▶ DATASET CONTENT

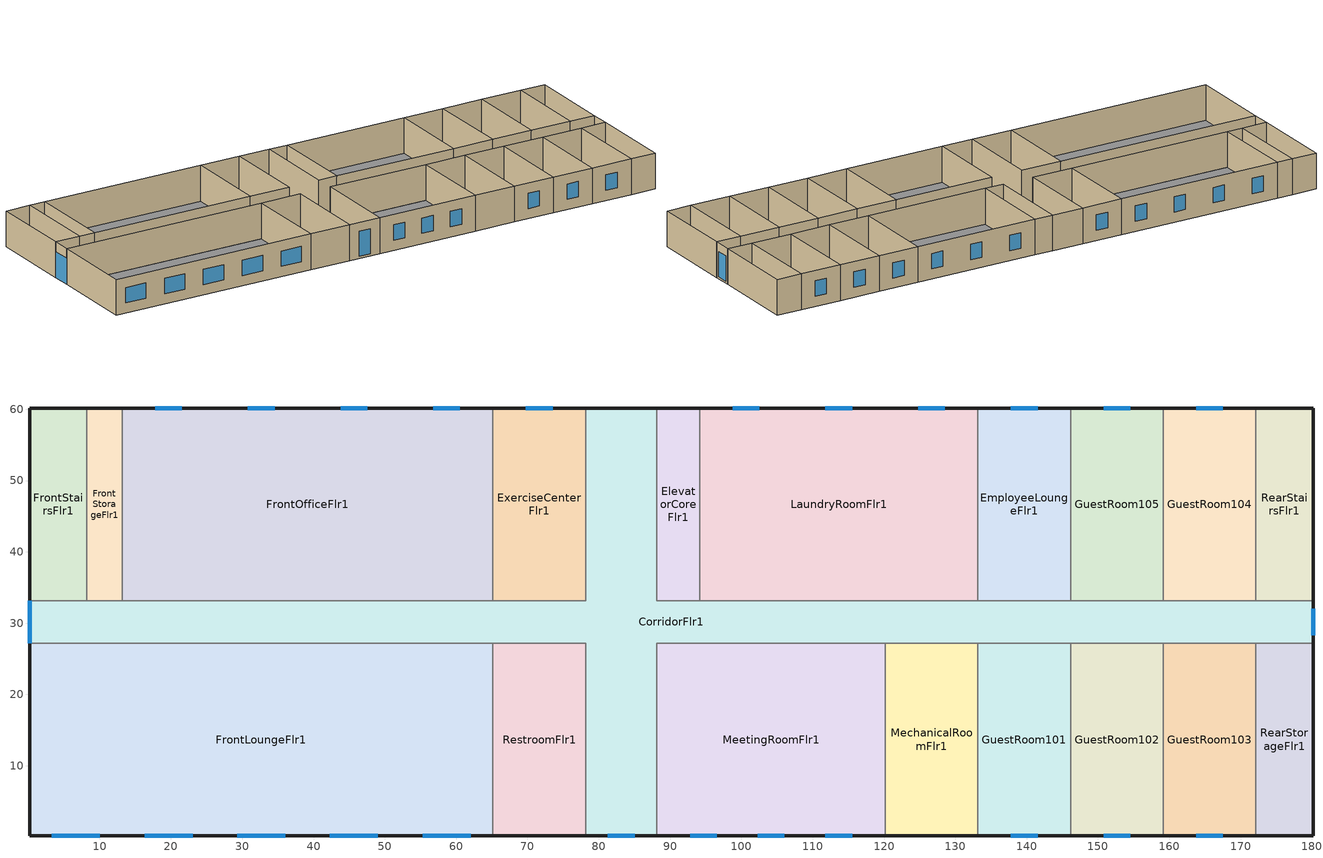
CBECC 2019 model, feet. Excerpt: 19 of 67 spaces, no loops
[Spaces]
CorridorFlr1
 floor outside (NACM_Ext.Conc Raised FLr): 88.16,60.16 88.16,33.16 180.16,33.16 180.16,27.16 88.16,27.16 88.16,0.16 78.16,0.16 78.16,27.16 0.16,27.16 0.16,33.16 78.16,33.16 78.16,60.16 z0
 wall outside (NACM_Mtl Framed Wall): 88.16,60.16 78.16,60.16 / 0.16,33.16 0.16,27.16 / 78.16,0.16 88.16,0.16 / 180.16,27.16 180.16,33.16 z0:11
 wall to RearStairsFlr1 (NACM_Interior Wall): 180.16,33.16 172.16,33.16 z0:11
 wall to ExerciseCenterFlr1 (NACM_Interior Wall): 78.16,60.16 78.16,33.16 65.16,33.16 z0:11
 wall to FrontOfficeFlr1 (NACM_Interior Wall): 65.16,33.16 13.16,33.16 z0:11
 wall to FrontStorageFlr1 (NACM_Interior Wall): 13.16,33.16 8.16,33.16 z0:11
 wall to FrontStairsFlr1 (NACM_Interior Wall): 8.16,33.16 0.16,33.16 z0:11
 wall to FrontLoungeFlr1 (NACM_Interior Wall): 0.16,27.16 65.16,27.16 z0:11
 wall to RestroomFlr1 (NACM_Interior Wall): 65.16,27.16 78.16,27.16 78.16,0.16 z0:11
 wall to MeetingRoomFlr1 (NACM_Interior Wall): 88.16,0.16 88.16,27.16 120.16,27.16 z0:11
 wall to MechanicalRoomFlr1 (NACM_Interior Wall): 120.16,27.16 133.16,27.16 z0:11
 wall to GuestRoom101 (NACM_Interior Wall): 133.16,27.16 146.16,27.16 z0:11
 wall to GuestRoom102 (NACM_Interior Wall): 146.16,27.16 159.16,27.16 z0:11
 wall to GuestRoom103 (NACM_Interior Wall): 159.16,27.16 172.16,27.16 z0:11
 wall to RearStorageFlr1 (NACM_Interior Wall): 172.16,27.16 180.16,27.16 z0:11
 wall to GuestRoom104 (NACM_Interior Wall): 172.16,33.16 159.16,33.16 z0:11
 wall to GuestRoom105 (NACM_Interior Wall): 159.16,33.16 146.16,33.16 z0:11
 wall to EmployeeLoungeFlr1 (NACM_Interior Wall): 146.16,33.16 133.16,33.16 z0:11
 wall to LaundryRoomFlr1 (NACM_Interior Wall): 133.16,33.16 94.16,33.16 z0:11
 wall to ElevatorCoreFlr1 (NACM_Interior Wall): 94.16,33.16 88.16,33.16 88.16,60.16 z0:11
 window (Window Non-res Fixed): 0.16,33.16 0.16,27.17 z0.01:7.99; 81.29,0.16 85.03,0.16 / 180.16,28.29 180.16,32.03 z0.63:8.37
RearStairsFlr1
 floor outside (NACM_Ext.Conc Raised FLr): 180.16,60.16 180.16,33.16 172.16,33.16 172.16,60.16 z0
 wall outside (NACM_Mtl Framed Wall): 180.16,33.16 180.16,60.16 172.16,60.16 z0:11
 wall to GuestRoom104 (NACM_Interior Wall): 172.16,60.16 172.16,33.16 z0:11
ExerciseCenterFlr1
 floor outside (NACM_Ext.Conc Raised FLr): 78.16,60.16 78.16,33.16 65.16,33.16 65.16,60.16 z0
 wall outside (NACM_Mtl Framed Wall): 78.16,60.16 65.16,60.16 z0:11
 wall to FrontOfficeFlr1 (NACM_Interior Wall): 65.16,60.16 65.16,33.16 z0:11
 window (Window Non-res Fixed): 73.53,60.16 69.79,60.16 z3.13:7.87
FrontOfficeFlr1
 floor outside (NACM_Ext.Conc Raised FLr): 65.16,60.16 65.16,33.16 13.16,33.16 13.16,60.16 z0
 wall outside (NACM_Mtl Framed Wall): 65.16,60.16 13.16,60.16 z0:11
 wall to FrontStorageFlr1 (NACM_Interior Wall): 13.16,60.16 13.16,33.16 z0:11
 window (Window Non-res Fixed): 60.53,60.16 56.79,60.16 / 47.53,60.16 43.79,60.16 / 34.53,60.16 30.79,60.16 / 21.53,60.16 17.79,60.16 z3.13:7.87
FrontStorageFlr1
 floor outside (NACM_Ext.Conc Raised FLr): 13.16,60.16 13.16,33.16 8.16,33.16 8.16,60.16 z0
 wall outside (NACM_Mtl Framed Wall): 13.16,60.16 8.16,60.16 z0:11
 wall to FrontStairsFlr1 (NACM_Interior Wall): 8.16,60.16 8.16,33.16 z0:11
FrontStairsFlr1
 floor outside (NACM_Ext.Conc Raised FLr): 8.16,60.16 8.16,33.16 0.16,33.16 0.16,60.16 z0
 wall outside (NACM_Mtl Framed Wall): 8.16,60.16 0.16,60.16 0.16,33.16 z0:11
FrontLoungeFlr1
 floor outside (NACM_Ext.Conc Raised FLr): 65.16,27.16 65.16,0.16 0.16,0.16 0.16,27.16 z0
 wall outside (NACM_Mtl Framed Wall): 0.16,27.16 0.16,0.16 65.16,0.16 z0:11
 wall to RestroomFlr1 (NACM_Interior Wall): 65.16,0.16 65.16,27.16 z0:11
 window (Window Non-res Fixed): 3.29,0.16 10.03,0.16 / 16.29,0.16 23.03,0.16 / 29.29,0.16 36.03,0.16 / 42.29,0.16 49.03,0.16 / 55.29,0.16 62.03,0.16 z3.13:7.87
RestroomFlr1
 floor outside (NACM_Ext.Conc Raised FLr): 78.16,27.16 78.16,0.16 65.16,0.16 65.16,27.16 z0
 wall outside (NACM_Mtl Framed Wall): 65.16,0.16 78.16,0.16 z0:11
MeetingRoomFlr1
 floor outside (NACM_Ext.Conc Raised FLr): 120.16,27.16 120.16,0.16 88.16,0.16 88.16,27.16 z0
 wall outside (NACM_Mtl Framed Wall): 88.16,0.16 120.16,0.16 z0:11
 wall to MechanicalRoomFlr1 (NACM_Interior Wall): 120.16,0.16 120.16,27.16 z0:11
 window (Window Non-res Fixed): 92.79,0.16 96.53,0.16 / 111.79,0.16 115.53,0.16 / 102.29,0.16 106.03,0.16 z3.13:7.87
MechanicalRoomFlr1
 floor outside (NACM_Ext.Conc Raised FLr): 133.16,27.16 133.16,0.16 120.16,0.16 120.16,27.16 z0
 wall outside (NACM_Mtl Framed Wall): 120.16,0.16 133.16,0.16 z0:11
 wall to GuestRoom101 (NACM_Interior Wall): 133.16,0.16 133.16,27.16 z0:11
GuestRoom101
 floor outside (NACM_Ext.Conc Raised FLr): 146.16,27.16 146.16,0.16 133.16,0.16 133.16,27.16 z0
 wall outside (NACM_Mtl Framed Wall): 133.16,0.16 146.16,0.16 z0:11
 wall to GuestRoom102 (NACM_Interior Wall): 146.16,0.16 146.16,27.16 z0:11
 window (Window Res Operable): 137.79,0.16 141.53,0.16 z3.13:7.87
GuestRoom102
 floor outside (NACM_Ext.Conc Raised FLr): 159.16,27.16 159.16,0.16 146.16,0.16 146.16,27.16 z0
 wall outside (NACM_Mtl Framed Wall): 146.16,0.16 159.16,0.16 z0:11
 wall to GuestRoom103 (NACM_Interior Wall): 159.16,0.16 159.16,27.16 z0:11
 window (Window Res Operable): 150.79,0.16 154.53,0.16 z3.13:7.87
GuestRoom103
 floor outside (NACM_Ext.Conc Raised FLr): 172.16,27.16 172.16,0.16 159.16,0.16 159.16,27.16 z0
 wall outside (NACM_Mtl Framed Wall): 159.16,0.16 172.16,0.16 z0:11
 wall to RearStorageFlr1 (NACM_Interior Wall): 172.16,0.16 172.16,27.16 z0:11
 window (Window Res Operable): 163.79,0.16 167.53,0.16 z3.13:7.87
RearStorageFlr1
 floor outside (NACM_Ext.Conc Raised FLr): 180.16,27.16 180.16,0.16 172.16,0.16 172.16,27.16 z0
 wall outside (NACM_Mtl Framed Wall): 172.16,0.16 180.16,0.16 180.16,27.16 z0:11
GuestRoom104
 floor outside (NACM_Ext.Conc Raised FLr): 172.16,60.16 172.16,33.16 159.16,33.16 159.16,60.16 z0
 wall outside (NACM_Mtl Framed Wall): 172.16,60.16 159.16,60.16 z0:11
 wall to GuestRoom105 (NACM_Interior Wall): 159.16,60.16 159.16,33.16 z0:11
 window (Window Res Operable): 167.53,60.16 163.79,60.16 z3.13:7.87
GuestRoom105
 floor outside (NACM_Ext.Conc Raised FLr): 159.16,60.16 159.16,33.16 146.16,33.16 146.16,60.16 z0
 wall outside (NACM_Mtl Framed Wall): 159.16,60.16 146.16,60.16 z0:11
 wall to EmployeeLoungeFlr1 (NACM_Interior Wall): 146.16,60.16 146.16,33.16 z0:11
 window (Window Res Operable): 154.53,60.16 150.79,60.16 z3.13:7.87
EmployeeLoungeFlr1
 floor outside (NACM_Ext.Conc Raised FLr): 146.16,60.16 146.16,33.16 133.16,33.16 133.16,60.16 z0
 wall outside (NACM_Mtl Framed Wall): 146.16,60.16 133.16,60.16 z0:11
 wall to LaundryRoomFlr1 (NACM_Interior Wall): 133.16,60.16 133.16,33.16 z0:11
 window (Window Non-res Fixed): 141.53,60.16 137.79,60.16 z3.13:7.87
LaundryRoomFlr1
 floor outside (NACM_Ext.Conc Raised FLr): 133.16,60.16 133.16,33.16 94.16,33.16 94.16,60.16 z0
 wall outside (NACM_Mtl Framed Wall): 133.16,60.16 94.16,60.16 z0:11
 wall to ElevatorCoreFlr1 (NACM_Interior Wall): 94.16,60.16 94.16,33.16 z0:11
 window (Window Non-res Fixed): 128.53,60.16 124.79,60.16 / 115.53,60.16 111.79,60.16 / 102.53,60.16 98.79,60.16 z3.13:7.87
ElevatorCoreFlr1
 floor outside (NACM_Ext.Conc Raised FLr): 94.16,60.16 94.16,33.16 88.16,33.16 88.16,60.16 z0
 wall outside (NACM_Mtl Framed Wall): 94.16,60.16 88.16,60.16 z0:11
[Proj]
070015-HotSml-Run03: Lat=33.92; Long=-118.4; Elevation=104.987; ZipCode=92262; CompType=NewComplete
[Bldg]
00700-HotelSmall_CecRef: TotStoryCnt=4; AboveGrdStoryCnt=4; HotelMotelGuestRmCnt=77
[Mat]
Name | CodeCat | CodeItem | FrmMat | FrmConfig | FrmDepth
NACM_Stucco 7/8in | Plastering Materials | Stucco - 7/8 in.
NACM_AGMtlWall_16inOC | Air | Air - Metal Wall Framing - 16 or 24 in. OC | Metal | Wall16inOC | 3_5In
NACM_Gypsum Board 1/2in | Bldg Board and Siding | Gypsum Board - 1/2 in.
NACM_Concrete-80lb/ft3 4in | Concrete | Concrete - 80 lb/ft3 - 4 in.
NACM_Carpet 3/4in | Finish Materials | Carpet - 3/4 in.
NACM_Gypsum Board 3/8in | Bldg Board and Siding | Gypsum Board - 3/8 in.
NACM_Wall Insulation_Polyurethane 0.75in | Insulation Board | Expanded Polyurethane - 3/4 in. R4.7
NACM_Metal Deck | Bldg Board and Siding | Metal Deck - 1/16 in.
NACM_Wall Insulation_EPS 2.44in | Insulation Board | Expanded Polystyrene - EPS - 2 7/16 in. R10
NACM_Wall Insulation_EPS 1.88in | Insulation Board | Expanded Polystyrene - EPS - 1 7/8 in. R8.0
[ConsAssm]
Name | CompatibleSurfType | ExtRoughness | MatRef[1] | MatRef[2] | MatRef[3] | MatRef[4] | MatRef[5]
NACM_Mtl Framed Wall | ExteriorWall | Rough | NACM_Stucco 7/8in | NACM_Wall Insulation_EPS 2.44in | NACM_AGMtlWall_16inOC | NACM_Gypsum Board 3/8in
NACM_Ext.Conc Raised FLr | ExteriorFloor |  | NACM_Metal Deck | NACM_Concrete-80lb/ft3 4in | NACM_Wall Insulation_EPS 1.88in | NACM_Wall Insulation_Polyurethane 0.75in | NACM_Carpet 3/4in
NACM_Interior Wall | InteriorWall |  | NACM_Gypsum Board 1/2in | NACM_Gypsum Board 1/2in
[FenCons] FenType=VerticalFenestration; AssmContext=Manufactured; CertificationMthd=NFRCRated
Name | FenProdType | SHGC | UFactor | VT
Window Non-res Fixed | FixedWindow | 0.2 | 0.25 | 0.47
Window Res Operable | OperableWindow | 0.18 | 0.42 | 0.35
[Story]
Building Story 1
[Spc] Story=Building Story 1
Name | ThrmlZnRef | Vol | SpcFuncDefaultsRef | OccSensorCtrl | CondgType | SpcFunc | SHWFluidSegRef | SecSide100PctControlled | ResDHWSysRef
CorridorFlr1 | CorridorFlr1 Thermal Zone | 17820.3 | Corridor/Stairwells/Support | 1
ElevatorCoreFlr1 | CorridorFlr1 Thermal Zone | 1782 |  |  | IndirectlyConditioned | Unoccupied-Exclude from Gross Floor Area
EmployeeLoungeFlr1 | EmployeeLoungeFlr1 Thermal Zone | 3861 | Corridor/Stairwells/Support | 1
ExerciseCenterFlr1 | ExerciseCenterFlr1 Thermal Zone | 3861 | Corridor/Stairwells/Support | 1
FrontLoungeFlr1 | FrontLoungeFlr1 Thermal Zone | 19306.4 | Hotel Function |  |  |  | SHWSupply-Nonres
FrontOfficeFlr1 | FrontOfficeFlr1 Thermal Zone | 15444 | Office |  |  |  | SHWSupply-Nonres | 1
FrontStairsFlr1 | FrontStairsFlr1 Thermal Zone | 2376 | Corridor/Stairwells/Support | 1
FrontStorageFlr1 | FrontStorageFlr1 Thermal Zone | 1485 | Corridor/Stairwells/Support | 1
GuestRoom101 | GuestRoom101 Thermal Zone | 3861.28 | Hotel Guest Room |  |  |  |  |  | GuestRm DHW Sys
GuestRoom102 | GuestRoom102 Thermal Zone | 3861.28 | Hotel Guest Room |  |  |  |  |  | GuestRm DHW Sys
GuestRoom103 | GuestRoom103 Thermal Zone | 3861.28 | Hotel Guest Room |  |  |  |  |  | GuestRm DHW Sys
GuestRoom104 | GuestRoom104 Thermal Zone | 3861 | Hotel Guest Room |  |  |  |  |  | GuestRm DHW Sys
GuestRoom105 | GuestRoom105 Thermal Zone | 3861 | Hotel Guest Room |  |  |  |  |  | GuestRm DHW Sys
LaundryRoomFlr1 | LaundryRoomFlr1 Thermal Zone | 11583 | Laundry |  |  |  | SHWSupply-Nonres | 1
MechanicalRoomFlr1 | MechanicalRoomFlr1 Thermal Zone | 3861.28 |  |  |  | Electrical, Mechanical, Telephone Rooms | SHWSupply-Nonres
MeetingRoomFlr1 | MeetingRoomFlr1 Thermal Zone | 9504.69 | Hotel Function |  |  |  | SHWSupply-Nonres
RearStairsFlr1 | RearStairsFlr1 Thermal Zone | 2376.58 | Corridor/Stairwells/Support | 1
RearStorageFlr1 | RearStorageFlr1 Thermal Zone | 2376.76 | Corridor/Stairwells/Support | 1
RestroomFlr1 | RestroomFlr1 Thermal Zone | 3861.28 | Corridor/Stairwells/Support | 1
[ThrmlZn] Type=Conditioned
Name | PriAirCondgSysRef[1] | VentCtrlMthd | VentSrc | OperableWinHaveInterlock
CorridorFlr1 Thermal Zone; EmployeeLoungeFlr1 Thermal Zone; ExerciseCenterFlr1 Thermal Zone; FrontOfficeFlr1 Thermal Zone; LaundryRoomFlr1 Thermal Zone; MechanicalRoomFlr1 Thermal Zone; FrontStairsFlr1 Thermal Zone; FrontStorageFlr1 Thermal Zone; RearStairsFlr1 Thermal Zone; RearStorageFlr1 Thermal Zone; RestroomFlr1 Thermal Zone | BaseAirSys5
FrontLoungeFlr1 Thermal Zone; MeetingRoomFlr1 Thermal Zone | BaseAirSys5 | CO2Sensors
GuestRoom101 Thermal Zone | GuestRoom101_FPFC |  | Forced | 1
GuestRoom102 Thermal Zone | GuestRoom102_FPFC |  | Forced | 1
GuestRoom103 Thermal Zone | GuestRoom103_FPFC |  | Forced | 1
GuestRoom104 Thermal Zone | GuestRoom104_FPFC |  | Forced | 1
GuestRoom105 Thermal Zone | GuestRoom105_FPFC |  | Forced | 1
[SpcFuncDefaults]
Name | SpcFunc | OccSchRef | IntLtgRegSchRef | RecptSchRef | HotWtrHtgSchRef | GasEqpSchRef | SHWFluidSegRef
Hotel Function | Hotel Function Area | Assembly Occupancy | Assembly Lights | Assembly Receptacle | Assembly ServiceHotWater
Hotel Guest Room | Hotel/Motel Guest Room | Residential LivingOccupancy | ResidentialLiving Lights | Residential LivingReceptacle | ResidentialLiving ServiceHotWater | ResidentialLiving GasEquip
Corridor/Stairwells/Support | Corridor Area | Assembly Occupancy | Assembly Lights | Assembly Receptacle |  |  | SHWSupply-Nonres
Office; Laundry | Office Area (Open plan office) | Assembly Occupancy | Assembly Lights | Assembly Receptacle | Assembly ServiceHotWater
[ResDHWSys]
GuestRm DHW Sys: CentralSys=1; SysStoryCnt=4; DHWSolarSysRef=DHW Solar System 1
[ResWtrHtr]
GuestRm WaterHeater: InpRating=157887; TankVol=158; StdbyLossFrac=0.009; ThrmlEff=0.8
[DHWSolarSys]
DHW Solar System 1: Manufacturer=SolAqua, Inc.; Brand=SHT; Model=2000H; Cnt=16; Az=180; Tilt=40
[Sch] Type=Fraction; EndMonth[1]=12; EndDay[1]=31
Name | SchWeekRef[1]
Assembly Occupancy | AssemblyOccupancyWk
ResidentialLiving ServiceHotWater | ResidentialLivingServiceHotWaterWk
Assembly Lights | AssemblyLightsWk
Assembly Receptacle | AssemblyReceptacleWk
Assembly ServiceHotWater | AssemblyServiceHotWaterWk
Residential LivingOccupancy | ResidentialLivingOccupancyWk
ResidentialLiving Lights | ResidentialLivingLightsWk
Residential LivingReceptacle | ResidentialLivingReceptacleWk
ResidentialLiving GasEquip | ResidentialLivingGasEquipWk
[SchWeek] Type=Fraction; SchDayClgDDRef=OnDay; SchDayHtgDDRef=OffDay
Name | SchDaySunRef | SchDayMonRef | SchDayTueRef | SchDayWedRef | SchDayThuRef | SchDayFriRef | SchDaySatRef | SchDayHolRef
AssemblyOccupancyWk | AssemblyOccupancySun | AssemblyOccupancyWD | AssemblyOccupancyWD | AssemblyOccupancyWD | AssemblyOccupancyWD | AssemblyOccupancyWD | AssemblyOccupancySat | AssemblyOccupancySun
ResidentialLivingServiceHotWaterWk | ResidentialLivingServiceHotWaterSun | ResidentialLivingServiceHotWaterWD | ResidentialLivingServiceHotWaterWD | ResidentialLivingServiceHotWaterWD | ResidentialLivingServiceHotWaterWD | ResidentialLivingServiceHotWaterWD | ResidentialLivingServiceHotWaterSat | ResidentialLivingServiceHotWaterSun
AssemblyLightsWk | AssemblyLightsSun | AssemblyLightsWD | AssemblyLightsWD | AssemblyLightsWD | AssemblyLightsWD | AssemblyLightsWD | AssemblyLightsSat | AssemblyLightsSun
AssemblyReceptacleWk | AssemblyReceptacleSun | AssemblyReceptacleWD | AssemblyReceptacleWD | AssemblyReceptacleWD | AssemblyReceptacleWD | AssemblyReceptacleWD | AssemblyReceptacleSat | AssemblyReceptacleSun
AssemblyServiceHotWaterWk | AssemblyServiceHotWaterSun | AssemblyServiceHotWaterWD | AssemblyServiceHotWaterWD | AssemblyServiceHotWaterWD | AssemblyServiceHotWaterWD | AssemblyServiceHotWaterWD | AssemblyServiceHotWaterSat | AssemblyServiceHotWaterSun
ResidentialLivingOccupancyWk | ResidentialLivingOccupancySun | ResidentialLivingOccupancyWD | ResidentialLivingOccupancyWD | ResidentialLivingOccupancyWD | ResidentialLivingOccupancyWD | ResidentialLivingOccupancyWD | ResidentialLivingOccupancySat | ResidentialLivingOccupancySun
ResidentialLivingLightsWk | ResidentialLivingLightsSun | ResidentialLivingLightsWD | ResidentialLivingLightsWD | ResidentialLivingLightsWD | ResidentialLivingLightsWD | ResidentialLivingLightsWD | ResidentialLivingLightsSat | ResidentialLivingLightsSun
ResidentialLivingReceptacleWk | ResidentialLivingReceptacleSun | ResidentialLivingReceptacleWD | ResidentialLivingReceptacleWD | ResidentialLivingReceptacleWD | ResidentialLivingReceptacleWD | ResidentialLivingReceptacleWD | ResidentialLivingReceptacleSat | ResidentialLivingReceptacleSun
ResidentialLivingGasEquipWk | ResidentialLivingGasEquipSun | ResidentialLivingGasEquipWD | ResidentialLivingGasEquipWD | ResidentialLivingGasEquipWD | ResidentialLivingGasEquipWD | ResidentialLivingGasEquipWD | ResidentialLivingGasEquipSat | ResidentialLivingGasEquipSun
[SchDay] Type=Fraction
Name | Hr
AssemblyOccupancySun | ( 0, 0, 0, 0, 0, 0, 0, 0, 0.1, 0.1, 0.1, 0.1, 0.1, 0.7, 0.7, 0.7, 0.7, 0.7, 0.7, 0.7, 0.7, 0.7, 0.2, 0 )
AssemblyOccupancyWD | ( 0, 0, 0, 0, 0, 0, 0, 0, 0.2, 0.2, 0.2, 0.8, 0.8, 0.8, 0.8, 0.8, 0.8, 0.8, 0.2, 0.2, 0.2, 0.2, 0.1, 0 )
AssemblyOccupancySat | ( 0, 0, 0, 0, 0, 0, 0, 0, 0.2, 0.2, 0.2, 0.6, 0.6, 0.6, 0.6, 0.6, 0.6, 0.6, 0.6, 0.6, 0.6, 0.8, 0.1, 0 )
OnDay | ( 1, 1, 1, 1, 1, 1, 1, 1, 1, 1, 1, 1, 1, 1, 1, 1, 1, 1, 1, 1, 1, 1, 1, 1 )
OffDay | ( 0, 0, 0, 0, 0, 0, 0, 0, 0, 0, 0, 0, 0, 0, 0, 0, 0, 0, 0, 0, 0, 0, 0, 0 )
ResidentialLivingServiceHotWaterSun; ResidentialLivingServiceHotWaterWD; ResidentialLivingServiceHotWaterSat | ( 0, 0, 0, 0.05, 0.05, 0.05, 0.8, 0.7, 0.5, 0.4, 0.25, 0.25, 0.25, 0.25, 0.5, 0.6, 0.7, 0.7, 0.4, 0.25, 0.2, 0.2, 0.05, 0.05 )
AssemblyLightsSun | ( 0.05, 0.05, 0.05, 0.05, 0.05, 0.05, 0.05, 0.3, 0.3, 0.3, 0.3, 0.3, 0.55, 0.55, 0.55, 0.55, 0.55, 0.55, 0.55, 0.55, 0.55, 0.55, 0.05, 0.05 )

▶ WHAT TO WORK ON
Give a tally of the lines in the listing above that contain the word "AssemblyOccupancySun", and provide nothing beyond the number.

▶ EXERCISE RESULT
2